The linemen, brakemen, switchmen and conductors filed a flurry of lawsuits in Douglas County District Court this week alleging that there’s a link between the high stress and erratic sleep patterns of their jobs and diabetes.

The on-call workers – who are mostly from California, Nevada and Utah have had to quit their jobs or curtail their work hours after being diagnosed with Type II diabetes, said their attorney, Richard Dinsmore of Omaha.

The lawsuits list anywhere from $5,000 to $51,000 in lost wages so far.
Plus, each worker is seeking money for the “anguish” and “genuine and serious fear” of the disease worsening and causing blindness, amputations or death.

The lawsuits also question whether the railroad violated provisions of the Hours of Service Act – a federal law that requires eight hours off after every 12 hours of work.

Dinsmore said the railroad knew or should have known about the links among sleep deprivation, stress and adult-onset diabetes.

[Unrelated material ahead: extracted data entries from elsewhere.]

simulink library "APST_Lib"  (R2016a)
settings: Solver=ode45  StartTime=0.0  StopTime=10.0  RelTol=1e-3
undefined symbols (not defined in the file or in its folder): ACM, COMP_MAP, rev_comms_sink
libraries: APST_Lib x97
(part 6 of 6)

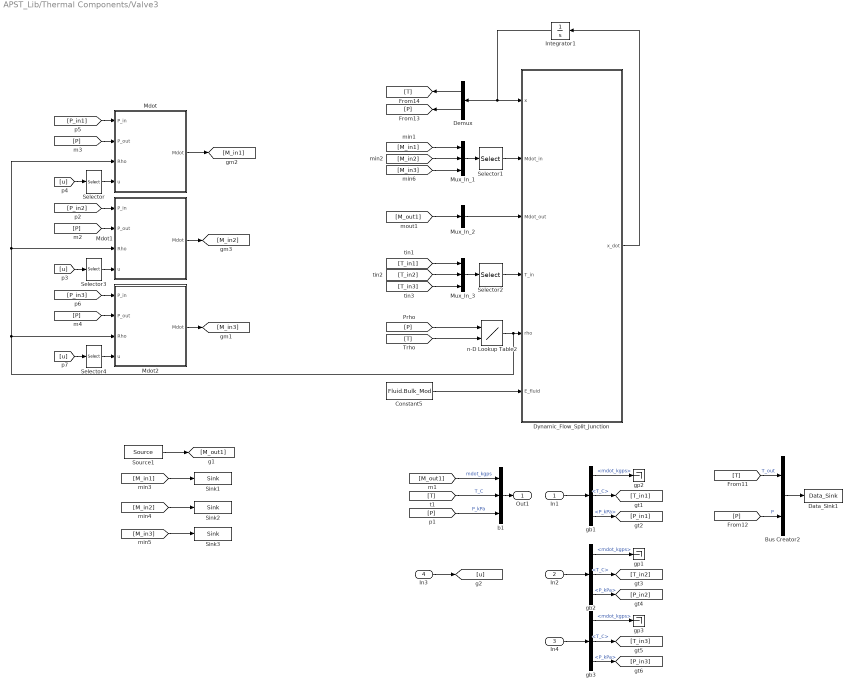
== system APST_Lib/Thermal Components/Valve3 ==
  In1 : Inport
  In2 : Inport  Port=2
  In4 : Inport  Port=3
  In3 : Inport  Port=4
  Bus Creator2 : BusCreator  Inputs=2
  Constant5 : Constant  Value=Fluid.Bulk_Mod
  Data_Sink1 : APST_Lib/Support Components/Data_Sink
  Demux : Demux  Outputs=2
  Dynamic_Flow_Split_Junction : MATLAB Function  TreatAsAtomicUnit=on
  Integrator1 : Integrator  InitialCondition=[T_init P_init]
  Mdot : MATLAB Function  TreatAsAtomicUnit=on
  Mdot1 : MATLAB Function  TreatAsAtomicUnit=on
  Mdot2 : MATLAB Function  TreatAsAtomicUnit=on
  Mux_In_1 : Mux  Inputs=3
  Mux_In_2 : Mux  Inputs=1
  Mux_In_3 : Mux  Inputs=3
  Selector : Selector  InputPortWidth=3  IndexOptions=Index vector (dialog)  Indices=[1]  OutputSizes=1
  Selector1 : Selector  InputPortWidth=3  IndexOptions=Index vector (dialog)  Indices=[1 2 3 ]  OutputSizes=1
  Selector2 : Selector  InputPortWidth=3  IndexOptions=Index vector (dialog)  Indices=[1 2 3 ]  OutputSizes=1
  Selector3 : Selector  InputPortWidth=3  IndexOptions=Index vector (dialog)  Indices=2  OutputSizes=1
  Selector4 : Selector  InputPortWidth=3  IndexOptions=Index vector (dialog)  Indices=3  OutputSizes=1
  Sink1 : APST_Lib/Support Components/Sink
  Sink2 : APST_Lib/Support Components/Sink
  Sink3 : APST_Lib/Support Components/Sink
  Source1 : APST_Lib/Support Components/Source
  b1 : BusCreator  Inputs=3
  gb1 : BusSelector  OutputSignals=mdot_kgps,T_C,P_kPa
  gb2 : BusSelector  OutputSignals=mdot_kgps,T_C,P_kPa
  gb3 : BusSelector  OutputSignals=mdot_kgps,T_C,P_kPa
  gp1 : Terminator
  gp2 : Terminator
  gp3 : Terminator
  n-D Lookup Table2 : Lookup_n-D  BreakpointsForDimension1=Fluid.P  BreakpointsForDimension2=Fluid.T  BreakpointsForDimension3=[5, 7]  Table=Fluid.Rho_pt  ExtrapMethod=Clip  UseLastTableValue=on  RndMeth=Simplest  InputSameDT=on
  Out1 : Outport
  wires:
  [M_in2] -> Sink2/1
  [u] -> Selector3/1
  [u] -> Selector/1
  In3/1 -> [u]
  [M_in2] -> Mux_In_1/2
  [T_in2] -> Mux_In_3/2
  gb2/3 -> [P_in2]  "<P_kPa>"
  In2/1 -> gb2/1
  gb2/1 -> gp1/1  "<mdot_kgps>"
  gb2/2 -> [T_in2]  "<T_C>"
  Mdot1/1(Mdot) -> [M_in2]
  Mdot/1(Mdot) -> [M_in1]
  [P] -> Mdot1/2(P_out)
  [P_in2] -> Mdot1/1(P_in)
  [P] -> Mdot/2(P_out)
  [P_in1] -> Mdot/1(P_in)
  n-D Lookup Table2/1 -> Dynamic_Flow_Split_Junction/5(rho), Mdot2/3(Rho), Mdot/3(Rho), Mdot1/3(Rho)
  Selector2/1 -> Dynamic_Flow_Split_Junction/4(T_in)
  Demux/2 -> [P]
  Demux/1 -> [T]
  [T] -> n-D Lookup Table2/2
  [P] -> n-D Lookup Table2/1
  Constant5/1 -> Dynamic_Flow_Split_Junction/6(E_fluid)
  Selector1/1 -> Dynamic_Flow_Split_Junction/2(Mdot_in)
  Integrator1/1 -> Dynamic_Flow_Split_Junction/1(x), Demux/1
  [P] -> Bus Creator2/2  "P"
  [T] -> Bus Creator2/1  "T_out"
  Bus Creator2/1 -> Data_Sink1/1
  Dynamic_Flow_Split_Junction/1(x_dot) -> Integrator1/1
  [M_in1] -> Sink1/1
  [T_in1] -> Mux_In_3/1
  [M_out1] -> Mux_In_2/1
  [M_in1] -> Mux_In_1/1
  Mux_In_2/1 -> Dynamic_Flow_Split_Junction/3(Mdot_out)
  Mux_In_1/1 -> Selector1/1
  Mux_In_3/1 -> Selector2/1
  gb1/3 -> [P_in1]  "<P_kPa>"
  [P] -> b1/3  "P_kPa"
  In1/1 -> gb1/1
  Source1/1 -> [M_out1]
  gb1/1 -> gp2/1  "<mdot_kgps>"
  [T] -> b1/2  "T_C"
  gb1/2 -> [T_in1]  "<T_C>"
  [M_out1] -> b1/1  "mdot_kgps"
  b1/1 -> Out1/1
  [M_in3] -> Sink3/1
  gb3/3 -> [P_in3]  "<P_kPa>"
  In4/1 -> gb3/1
  gb3/1 -> gp3/1  "<mdot_kgps>"
  gb3/2 -> [T_in3]  "<T_C>"
  Mdot2/1(Mdot) -> [M_in3]
  [u] -> Selector4/1
  [P] -> Mdot2/2(P_out)
  [P_in3] -> Mdot2/1(P_in)
  Selector/1 -> Mdot/4(u)
  Selector3/1 -> Mdot1/4(u)
  Selector4/1 -> Mdot2/4(u)
  [M_in3] -> Mux_In_1/3
  [T_in3] -> Mux_In_3/3

== system APST_Lib/Source & Sinks/Flow Flow Source (Pressure)/Source1 ==
  Out1 : Outport
  wires:
  [NULL] -> Out1/1

== system APST_Lib/Source & Sinks/Flow Source (Mass Flow Rate)/Source1 ==
  Out1 : Outport
  wires:
  [gdata_Thermal_System_BUSM2FSink2] -> Out1/1

== system APST_Lib/Thermal Components/Fluid Tank/Fuel Mass Check ==
  Trigger : TriggerPort  TriggerType=falling  VariantControl=Variant
  Digital Clock : DigitalClock  SampleTime=-1
  MATLAB Function : MATLAB Function  TreatAsAtomicUnit=on
  Terminator : Terminator
  Time of fuel mass going to zero : Display
  wires:
  MATLAB Function/1(y) -> Terminator/1
  Digital Clock/1 -> Time of fuel mass going to zero/1, MATLAB Function/1(u)

== matlab function APST_Lib/Thermal Components/Cold Plate/Cold_Plate ==
  data: x input; Q_load input; x_dot output; P_in input; Mdot_down input; Mdot input; T_in input; H output; mu input; k input; Cp input; Rho input; E_fluid input; f parameter; M_wall parameter; Cp_wall parameter; D parameter; L parameter; t parameter; E parameter; v parameter; KL parameter; dH parameter; H1 parameter
function [x_dot,H]  = Cold_Plate(x,Q_load,P_in,Mdot_down,Mdot,T_in,mu,k,Cp,Rho,E_fluid,f,M_wall,Cp_wall,D,L,t,E,v,KL,dH,H1)

% Constants and Conversions
g       = 9.81;                 % Gravitational acceleration [m/s^2]
A_ht    = pi*L*D;                  % Heat transfer area
V       = L*pi*D^2/4;              % Volume
C_wall  = M_wall*Cp_wall;          % Heat Capacitance (kJ/K)
C_wall  = 1000*C_wall;             % Covnert heat capacitance from kJ/K to J/K
Q_load  = 1000*Q_load;             % Convert load from kW to W
Cp      = 1000*Cp;                 % Convert Cp from J/g*K to J/kg*K
% k       = 1000*k;                  % Convert k from kW/m*K to W/m*K

% Parse states
T       = x(1);                 % Temperature of the tank
P       = x(2);                 % Pressure at bottom of the tank
Tw      = x(3);                 % Wall temperature

% Additional intermediate variable calculations
dP      = (P_in-P)*1000;        % Pressure difference [Pa]
dP      = dP + Rho*g*dH;        % Pressure differential corrected for hieght
% um      = sign(dP)*sqrt_Lip(2*abs(dP)/(Rho*(f*L/D+KL)));    % Fluid velocity [m/s]
% Re      = Rho*um*D/mu;          % Reynolds number
% Pr      = Cp*mu/k;              % Prandtl number (see Incropera, Table 6.2)
% if Re < 2300
%     Nu = 3.66; % (see Incropera, Eq. 8.55)
% else
%     Nu = (f/8)*(Re-1000)*Pr / (1+12.7*(f/8)^.5*(Pr^(2/3)-1)); % (see Incropera, Eq. 8.62)
% end

% Calculate outputs
% H       = PAF*Nu*k/D;               % Heat transfer coefficient (see Incropera, Table 6.2)
H = H1;

% Calculate state derivatives
T_dot   = (Mdot*(T_in-T)+H*A_ht/Cp*(Tw-T))/(V*Rho);     % Outlet temperature 
P_dot   = (Mdot-Mdot_down)/(V*Rho*(1/E_fluid+D*(1-v/2)/(t*E))); % Outlet pressure
Tw_dot  = (Q_load - H*A_ht*(Tw-T))/C_wall;              % Wall temperature

% Mux state derivatives
x_dot  = [T_dot,P_dot,Tw_dot];

end

== matlab function APST_Lib/Thermal Components/Flow Split_Junction/Dynamic_Flow_Split_Junction ==
  data: x input; Mdot_in input; Mdot_out input; T_in input; x_dot output; D parameter; L parameter; t parameter; E parameter; v parameter; rho input; E_fluid input
function x_dot  = Dynamic_Flow_Split_Junction(x,Mdot_in,Mdot_out,T_in,D,L,t,E,v,rho,E_fluid)

% Constants and Conversions
Mdot_in_tot     = sum(Mdot_in);     % Total mass flow rate in
Mdot_out_tot    = sum(Mdot_out);    % Total mass flow rate out
V               = pi*D^2/4*L;       % Volume

% Parse states
T      = x(1);                  % Temperature of the tank
P      = x(2);                  % Pressure at bottom of the tank

% Calculate state derivatives
T_dot = (dot(Mdot_in,T_in)-sum(Mdot_in)*T)/(rho*V);  % Split/Junc temperature
P_dot = (Mdot_in_tot-Mdot_out_tot)/(V*rho*(1/E_fluid+D*(1-v/2)/(t*E))); % Split/Junc pressure

% Mux state derivatives
x_dot  = [T_dot,P_dot];

end

== matlab function APST_Lib/Thermal Components/Heat Exchanger/HX ==
  data: x input; x_dot output; P_in input size=2; Mdot_down input size=2; Mdot input; T_in input size=2; H output; mu input size=2; k input size=2; Cp input size=2; Rho input size=2; E_fluid input size=2; M_wall parameter; Cp_wall parameter; Pass1 parameter; Pass2 parameter; f1 parameter; f2 parameter; KL1 parameter; KL2 parameter; b1 parameter; b2 parameter; W1 parameter; W2 parameter; L1 parameter; L2 parameter; dH1 parameter; dH2 parameter; H1 parameter; H2 parameter
function [x_dot,H]  = HX(x,P_in,Mdot_down,Mdot,T_in,mu,k,Cp,Rho,E_fluid,M_wall,Cp_wall,Pass1,Pass2,f1,f2,KL1,KL2,b1,b2,W1,W2,L1,L2,dH1,dH2,H1, H2)

% Parse data
% P_in1       = P_in(1);
% P_in2       = P_in(2);
Mdot_down1  = Mdot_down(1);
Mdot_down2  = Mdot_down(2);
Mdot1       = Mdot(1);
Mdot2       = Mdot(2);
T_in1       = T_in(1);
T_in2       = T_in(2);
% mu1         = mu(1);
% mu2         = mu(2);
% k1          = k(1);
% k2          = k(2);
Cp1         = Cp(1);
Cp2         = Cp(2);
Rho1        = Rho(1);
Rho2        = Rho(2);
E_fluid1    = E_fluid(1);
E_fluid2    = E_fluid(2);

% Constants and Conversions
Mdot_down1_pass = Mdot_down1/Pass1;
Mdot_down2_pass = Mdot_down2/Pass2;
Mdot1_pass = Mdot1/Pass1;
Mdot2_pass = Mdot2/Pass2;
g        = 9.81;                   % Gravitational acceleration [m/s^2]
A_ht1    = L1*(2*b1+2*W1);         % Heat transfer area
A_ht2    = L2*(2*b2+2*W2);         % Heat transfer area
V1       = L1*b1*W1;               % Volume per pass
V2       = L2*b2*W2;               % Volume per pass
Cp1      = 1000*Cp1;               % Convert Cp from J/g*K to J/kg*K
Cp2      = 1000*Cp2;               % Convert Cp from J/g*K to J/kg*K
% k1       = 1000*k1;                % Convert k from kW/m*K to W/m*K
% k2       = 1000*k2;                % Convert k from kW/m*K to W/m*K
C_wall   = M_wall*Cp_wall;         % Heat Capacitance (kJ/K)
C_wall   = 1000*C_wall;            % Covnert heat capacitance from kJ/K to J/K
% D1       = 4*b1*W1/(2*b1+2*W1);    % Hydraulic diameter (side 1) (see Incropera, Eq. 8.66)
% D2       = 4*b2*W2/(2*b2+2*W2);    % Hydraulic diameter (side 2) (see Incropera, Eq. 8.66)

% Parse states
Tw      = x(1);                 % Wall temperature
% P1      = x(2);                 % Outlet pressure (side 1)
% P2      = x(3);                 % Outlet pressure (side 2)
T1      = x(4);                 % Outlet temperature (side 1)
T2      = x(5);                 % Outlet temperature (side 2)

% Additional intermediate variable calculations
% dP1         = (P_in1-P1)*1000;      % Pressure differential (side 1) [Pa]
% dP2         = (P_in2-P2)*1000;      % Pressure differential (side 2) [Pa]
% dP1         = dP1 + Rho1*g*dH1;     % Pressure differential corrected for hieght
% dP2         = dP2 + Rho2*g*dH2;     % Pressure differential corrected for hieght
% um1         = sign(dP1)*sqrt_Lip(2*abs(dP1)/(Rho1*(f1*L1/D1+KL1)));   % Fluid velocity (side 1) [m/s]
% um2         = sign(dP2)*sqrt_Lip(2*abs(dP2)/(Rho2*(f2*L2/D2+KL2)));   % Fluid velocity (side 2) [m/s]
% Re1         = Rho1*abs(um1)*D1/mu1;      % Reynolds number (side 1)
% Re2         = Rho2*abs(um2)*D2/mu2;      % Reynolds number (side 1)
% Pr1         = Cp1*mu1/k1;           % Prandtl number (side 1) (see Incropera, Table 6.2)
% Pr2         = Cp2*mu2/k2;           % Prandtl number (side 2) (see Incropera, Table 6.2)

% Gneilinski (sp?)
% if Re1 < 2300
%     Nu1 = Nu_lam1; % (inteprolated from Incropera, Table 8.1 in initialization)
% else
%     Nu1 = (f1/8)*(Re1-1000)*Pr1 / (1+12.7*(f1/8)^.5*(Pr1^(2/3)-1)); % (see Incropera, Eq. 8.62)
% end
% if Re2 < 2300
%     Nu2 = Nu_lam2; % (inteprolated from Incropera, Table 8.1 in initialization)
% else
%     Nu2 = (f2/8)*(Re2-1000)*Pr2 / (1+12.7*(f2/8)^.5*(Pr2^(2/3)-1)); % (see Incropera, Eq. 8.62)
% end

% Longo Correlation
% Nu1 = 0.277*Re1^0.766*Pr1^0.333;
% Nu2 = 0.277*Re2^0.766*Pr2^0.333;

% % Manglik Correlation
% Nu1 = 0.44*Re1^0.5*Pr1^0.333;
% Nu2 = 0.44*Re2^0.5*Pr2^0.333;

% Calculate outputs
% H1      = Nu1*k1/D1;        % Heat transfer coefficient (see Incropera, Table 6.2)
% H2      = Nu2*k2/D2;        % Heat transfer coefficient (see Incropera, Table 6.2)
H       = [H1 H2];

% Calculate state derivatives
Tw_dot = ( H1*A_ht1*(T1-Tw) + H2*A_ht2*(T2-Tw) )/C_wall;    % Wall temperature
P1_dot = (Mdot1_pass-Mdot_down1_pass)/(V1*Rho1/E_fluid1);   % Outlet pressure (side 1)
P2_dot = (Mdot2_pass-Mdot_down2_pass)/(V2*Rho2/E_fluid2);   % Outlet pressure (side 2)
Tout1_dot = (Mdot1_pass*(T_in1-T1)+H1*A_ht1/Cp1*(Tw-T1))/(V1*Rho1);   % Outlet temperature (side 1)
Tout2_dot = (Mdot2_pass*(T_in2-T2)+H2*A_ht2/Cp2*(Tw-T2))/(V2*Rho2);   % Outlet temperature (side 2)

% Mux state derivatives
x_dot  = [Tw_dot,P1_dot,P2_dot,Tout1_dot,Tout2_dot];

end

== matlab function APST_Lib/Thermal Components/Fluid Tank/Tank ==
  data: x input; x_dot output; Mdot_in input; Mdot_out input; T_in input; T_amb input; Cp input; Rho input; Q input; H parameter; D parameter; A_sa parameter
function x_dot = Tank(x,Mdot_in,Mdot_out,T_in,T_amb,Cp,Rho,Q,H,D,A_sa)

% Constants and Conversions
A_cross = pi*D^2/4;             % Cross-sectional area
Cp      = 1000*Cp;              % Convert Cp from J/g*K to J/kg*K
g       = 9.81;                 % Gravitational acceleration

% Parse states
T      = x(1);                  % Temperature of the tank
P      = x(2);                  % Pressure at bottom of the tank
M      = x(3);                  % Pressure at bottom of the tank

% Calculate outputs
% h = 1000*(P-Pamb)/(Rho*g);      % Tank height
% M = Rho*A_cross*h;              % Tank mass

% Additional intermediate variable calculations
% A_ht    = pi*h*D;               % Heat transfer area          
A_ht = A_sa;

% Calculate state derivatives
T_dot = (Mdot_in*(T_in-T)-H*A_ht*(T-T_amb)/Cp + Q/Cp)/M; % Tank temperature
% P_dot  = (Mdot_in-Mdot_out)*g/(1000*A_cross);        % Tank pressure
M_dot = (Mdot_in-Mdot_out);

% Mux state derivatives
x_dot  = [T_dot,0,M_dot];

end

== matlab function APST_Lib/Electrical Components/Generator/Generator ==
  data: Omega input; I input; Torque output; V parameter; eta parameter; Q output
function [Torque,Q]   = Generator(Omega,I,V,eta)

% Constants and Conversions

% Parse states

% Additional intermediate variable calculations

% Calculate outputs
Torque = 1/(Omega*eta)*I*V;     % Generator torque (Nm)
Q = (1-eta)*Torque*Omega/1000;       % Generator heat (kW)

% Calculate state derivatives

% Mux state derivatives

end

== matlab function APST_Lib/Thermal Components/Pipe_P_to_P/Pipe_P_to_M ==
  data: x_dot output; x input; T_in input; Mdot input; Rho input; D parameter; L parameter
function x_dot   = Pipe_P_to_M(x,T_in,Mdot,Rho,D,L)

% Constants and Conversions
V      = pi*D^2/4*L;            % Volume

% Parse states
T      = x(1);                  % Temperature of the tank

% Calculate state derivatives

U.P.’s own Web site once warned employees of the possible link, Dinsmore said.

Mark Davis, a U.P. spokesman, declined to comment on the lawsuits. An attorney for U.P. didn’t return a phone call.

The railroad is expected to question whether there is scientific evidence of a link between erratic work/sleep hours and diabetes. In court documents, U.P. attorneys also have questioned whether each worker was genetically disposed to diabetes or whether other maladies contributed to their sleep loss.

Dinsmore said the employees all were well-paid. But in return, they also were required to be on call “24 hours a day, seven days a week, 365 days a year.”

Dinsmore gave this account:

The workers would go on runs from California to Nevada to Utah and back.

When they reached a destination, they would pass the train onto the next crew. They then would lay over in a cramped bunkhouse or a “fleabag motel,”
Dinsmore said. Workers referred to one such sleeping place as a “dungeon.”

In a deposition, former U.P. worker Milan Mlakar described impossible sleeping conditions. One cramped bunkhouse sat about 50 yards from the tracks, he said.

Trains rumbled. Phones rang. Janitors cleaned. Makeshift curtains barely blocked the sunlight. Walls weren’t insulated. Workers came and went at all hours.

Mlakar said the railroad would try to conserve energy by shutting off the air conditioner or furnace, causing rooms to reach unbearable temperatures.

“You could hear a lot of noise from room to room,” he said in a deposition.
“You could hear the guy showering in the next room . . . That would disturb your rest.”

At most, Mlakar said, he could get about five hours of sleep. And he couldn’t count on routine sleep hours. His shift could end in the middle of the day or the middle of the night, he said.

Mlakar, like all of the plaintiffs, eventually was diagnosed with diabetes.

Dinsmore acknowledged that he will have to demonstrate in court that the cause of the diabetes wasn’t genetic.

He also acknowledged that many of the working conditions and sleeping conditions have since improved. However, he alleged that poor sleeping and eating arrangements existed from the 1970s until the early 1990s.

Many of his clients tell the same stories.

“It sounds like something out of (Charles) Dickens,” Dinsmore said. “They would build their own hotels on top of these bustling tracks. Then they’d say, ‘You kids go to sleep.’

“It was complete chaos. You throw in bad nutrition, and it was a ticking time bomb.”